Data to use
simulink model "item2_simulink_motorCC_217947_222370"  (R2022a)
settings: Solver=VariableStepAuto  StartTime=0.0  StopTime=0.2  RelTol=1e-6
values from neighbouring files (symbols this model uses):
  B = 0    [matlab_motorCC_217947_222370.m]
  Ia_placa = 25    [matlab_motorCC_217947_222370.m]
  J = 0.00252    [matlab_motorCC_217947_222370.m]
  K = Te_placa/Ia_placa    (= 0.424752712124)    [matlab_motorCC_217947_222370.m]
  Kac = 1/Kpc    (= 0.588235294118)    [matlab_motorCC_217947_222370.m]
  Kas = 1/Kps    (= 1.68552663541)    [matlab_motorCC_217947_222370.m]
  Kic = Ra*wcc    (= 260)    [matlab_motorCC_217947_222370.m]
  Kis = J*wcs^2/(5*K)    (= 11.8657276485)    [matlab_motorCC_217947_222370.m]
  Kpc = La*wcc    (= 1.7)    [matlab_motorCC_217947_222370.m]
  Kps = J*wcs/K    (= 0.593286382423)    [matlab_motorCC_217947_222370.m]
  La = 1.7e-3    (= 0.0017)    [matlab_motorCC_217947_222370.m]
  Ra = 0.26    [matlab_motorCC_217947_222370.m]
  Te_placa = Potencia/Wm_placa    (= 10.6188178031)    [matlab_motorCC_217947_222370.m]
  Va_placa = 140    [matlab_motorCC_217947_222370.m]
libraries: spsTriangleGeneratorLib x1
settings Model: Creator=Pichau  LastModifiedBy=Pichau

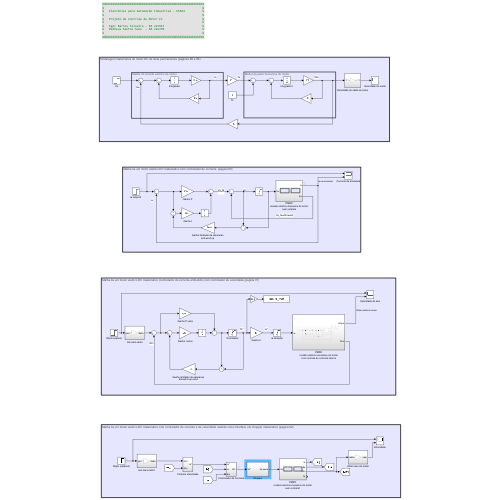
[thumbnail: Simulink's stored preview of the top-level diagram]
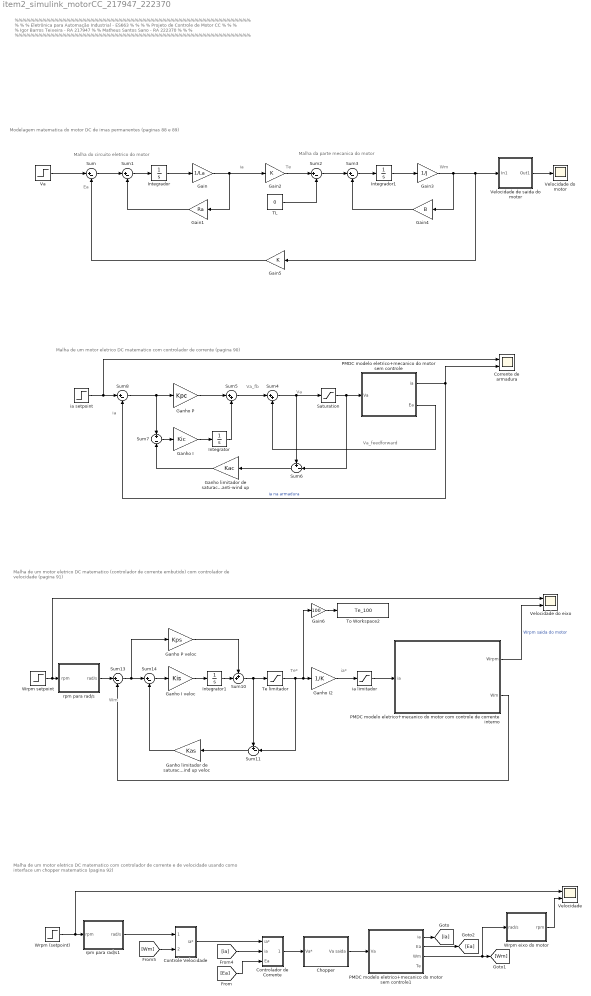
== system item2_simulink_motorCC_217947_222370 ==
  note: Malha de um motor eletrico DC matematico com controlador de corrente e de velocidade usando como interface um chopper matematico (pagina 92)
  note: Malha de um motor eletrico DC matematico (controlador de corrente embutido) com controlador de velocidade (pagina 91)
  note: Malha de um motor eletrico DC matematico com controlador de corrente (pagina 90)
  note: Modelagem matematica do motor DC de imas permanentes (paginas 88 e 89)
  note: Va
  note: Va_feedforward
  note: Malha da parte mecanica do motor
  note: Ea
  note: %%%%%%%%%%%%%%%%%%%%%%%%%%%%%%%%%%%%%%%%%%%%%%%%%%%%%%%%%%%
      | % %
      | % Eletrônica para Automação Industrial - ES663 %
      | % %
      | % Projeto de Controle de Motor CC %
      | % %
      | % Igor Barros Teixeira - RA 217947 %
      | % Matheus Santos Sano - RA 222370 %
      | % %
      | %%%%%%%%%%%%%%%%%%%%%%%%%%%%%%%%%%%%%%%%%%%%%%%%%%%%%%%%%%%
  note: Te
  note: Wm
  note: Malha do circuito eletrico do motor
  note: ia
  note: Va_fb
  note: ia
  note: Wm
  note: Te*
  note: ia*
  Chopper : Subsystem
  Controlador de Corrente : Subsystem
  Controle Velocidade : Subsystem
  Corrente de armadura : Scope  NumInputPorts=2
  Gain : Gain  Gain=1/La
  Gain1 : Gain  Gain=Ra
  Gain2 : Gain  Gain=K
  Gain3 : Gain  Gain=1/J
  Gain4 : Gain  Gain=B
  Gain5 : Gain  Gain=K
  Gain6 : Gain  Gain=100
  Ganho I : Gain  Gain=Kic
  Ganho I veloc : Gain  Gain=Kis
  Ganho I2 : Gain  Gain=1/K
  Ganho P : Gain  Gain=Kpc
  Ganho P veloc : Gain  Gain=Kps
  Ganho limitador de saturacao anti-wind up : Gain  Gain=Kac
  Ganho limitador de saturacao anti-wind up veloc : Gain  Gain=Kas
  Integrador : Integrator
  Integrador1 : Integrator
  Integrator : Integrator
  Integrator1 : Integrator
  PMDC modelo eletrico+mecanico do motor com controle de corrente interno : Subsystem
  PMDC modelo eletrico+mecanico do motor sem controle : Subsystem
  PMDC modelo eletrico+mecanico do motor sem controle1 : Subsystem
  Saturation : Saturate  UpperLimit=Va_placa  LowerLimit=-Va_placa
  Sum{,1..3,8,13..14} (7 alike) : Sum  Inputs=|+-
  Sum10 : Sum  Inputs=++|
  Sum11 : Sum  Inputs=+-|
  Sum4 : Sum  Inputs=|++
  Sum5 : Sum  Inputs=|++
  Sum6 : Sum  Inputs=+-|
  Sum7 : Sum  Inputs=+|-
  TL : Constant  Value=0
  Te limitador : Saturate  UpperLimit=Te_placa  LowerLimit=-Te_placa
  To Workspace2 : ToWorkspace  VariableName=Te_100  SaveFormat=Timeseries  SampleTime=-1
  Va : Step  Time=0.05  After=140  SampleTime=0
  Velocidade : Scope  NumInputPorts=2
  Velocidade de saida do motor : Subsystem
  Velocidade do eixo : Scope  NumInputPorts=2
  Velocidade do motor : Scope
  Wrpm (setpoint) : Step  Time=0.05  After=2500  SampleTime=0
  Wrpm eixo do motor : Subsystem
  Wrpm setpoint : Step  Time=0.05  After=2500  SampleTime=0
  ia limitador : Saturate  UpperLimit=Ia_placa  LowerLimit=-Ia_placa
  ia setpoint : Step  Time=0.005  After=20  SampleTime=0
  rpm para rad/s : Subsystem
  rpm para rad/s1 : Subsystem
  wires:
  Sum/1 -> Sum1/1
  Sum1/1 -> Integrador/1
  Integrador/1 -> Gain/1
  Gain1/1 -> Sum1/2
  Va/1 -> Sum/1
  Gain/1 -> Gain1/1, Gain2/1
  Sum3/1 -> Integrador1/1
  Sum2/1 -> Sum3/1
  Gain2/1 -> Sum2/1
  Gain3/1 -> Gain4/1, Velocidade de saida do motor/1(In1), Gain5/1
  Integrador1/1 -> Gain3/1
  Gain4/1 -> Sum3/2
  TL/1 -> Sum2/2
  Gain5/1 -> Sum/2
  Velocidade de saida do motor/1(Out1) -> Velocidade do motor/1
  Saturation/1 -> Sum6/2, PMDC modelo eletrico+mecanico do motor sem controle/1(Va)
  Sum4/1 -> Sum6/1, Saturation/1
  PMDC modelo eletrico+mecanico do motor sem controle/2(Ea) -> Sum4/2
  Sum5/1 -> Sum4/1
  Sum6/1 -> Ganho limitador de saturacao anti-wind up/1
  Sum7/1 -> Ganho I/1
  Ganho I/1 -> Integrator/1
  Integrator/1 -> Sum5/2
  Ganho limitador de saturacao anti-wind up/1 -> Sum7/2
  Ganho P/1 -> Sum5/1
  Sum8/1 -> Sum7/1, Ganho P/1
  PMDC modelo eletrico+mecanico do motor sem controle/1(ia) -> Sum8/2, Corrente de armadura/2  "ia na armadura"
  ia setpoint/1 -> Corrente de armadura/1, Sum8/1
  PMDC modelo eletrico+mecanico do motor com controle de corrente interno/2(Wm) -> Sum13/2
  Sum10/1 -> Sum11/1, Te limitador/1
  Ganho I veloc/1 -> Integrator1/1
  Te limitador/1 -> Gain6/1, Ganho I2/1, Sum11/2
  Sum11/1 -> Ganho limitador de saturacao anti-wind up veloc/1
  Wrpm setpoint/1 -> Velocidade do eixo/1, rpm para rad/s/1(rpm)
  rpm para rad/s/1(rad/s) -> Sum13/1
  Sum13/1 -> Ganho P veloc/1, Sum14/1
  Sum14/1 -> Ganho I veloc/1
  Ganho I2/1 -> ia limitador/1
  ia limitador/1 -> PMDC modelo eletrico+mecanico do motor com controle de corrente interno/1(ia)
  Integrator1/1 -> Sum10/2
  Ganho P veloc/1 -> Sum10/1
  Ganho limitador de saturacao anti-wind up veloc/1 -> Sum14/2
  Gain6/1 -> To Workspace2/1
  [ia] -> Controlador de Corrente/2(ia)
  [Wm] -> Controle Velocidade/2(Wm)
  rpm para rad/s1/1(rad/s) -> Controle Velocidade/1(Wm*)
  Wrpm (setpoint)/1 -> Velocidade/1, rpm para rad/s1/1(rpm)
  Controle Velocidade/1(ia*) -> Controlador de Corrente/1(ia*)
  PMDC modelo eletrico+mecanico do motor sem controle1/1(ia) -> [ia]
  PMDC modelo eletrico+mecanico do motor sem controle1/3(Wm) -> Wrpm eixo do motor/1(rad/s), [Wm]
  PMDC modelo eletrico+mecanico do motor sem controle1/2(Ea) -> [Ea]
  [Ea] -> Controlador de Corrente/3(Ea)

Assigned task
Reproduce each line from the data that has "interno" in it.

Answer for this exercise
  PMDC modelo eletrico+mecanico do motor com controle de corrente interno : Subsystem
  PMDC modelo eletrico+mecanico do motor com controle de corrente interno/2(Wm) -> Sum13/2
  ia limitador/1 -> PMDC modelo eletrico+mecanico do motor com controle de corrente interno/1(ia)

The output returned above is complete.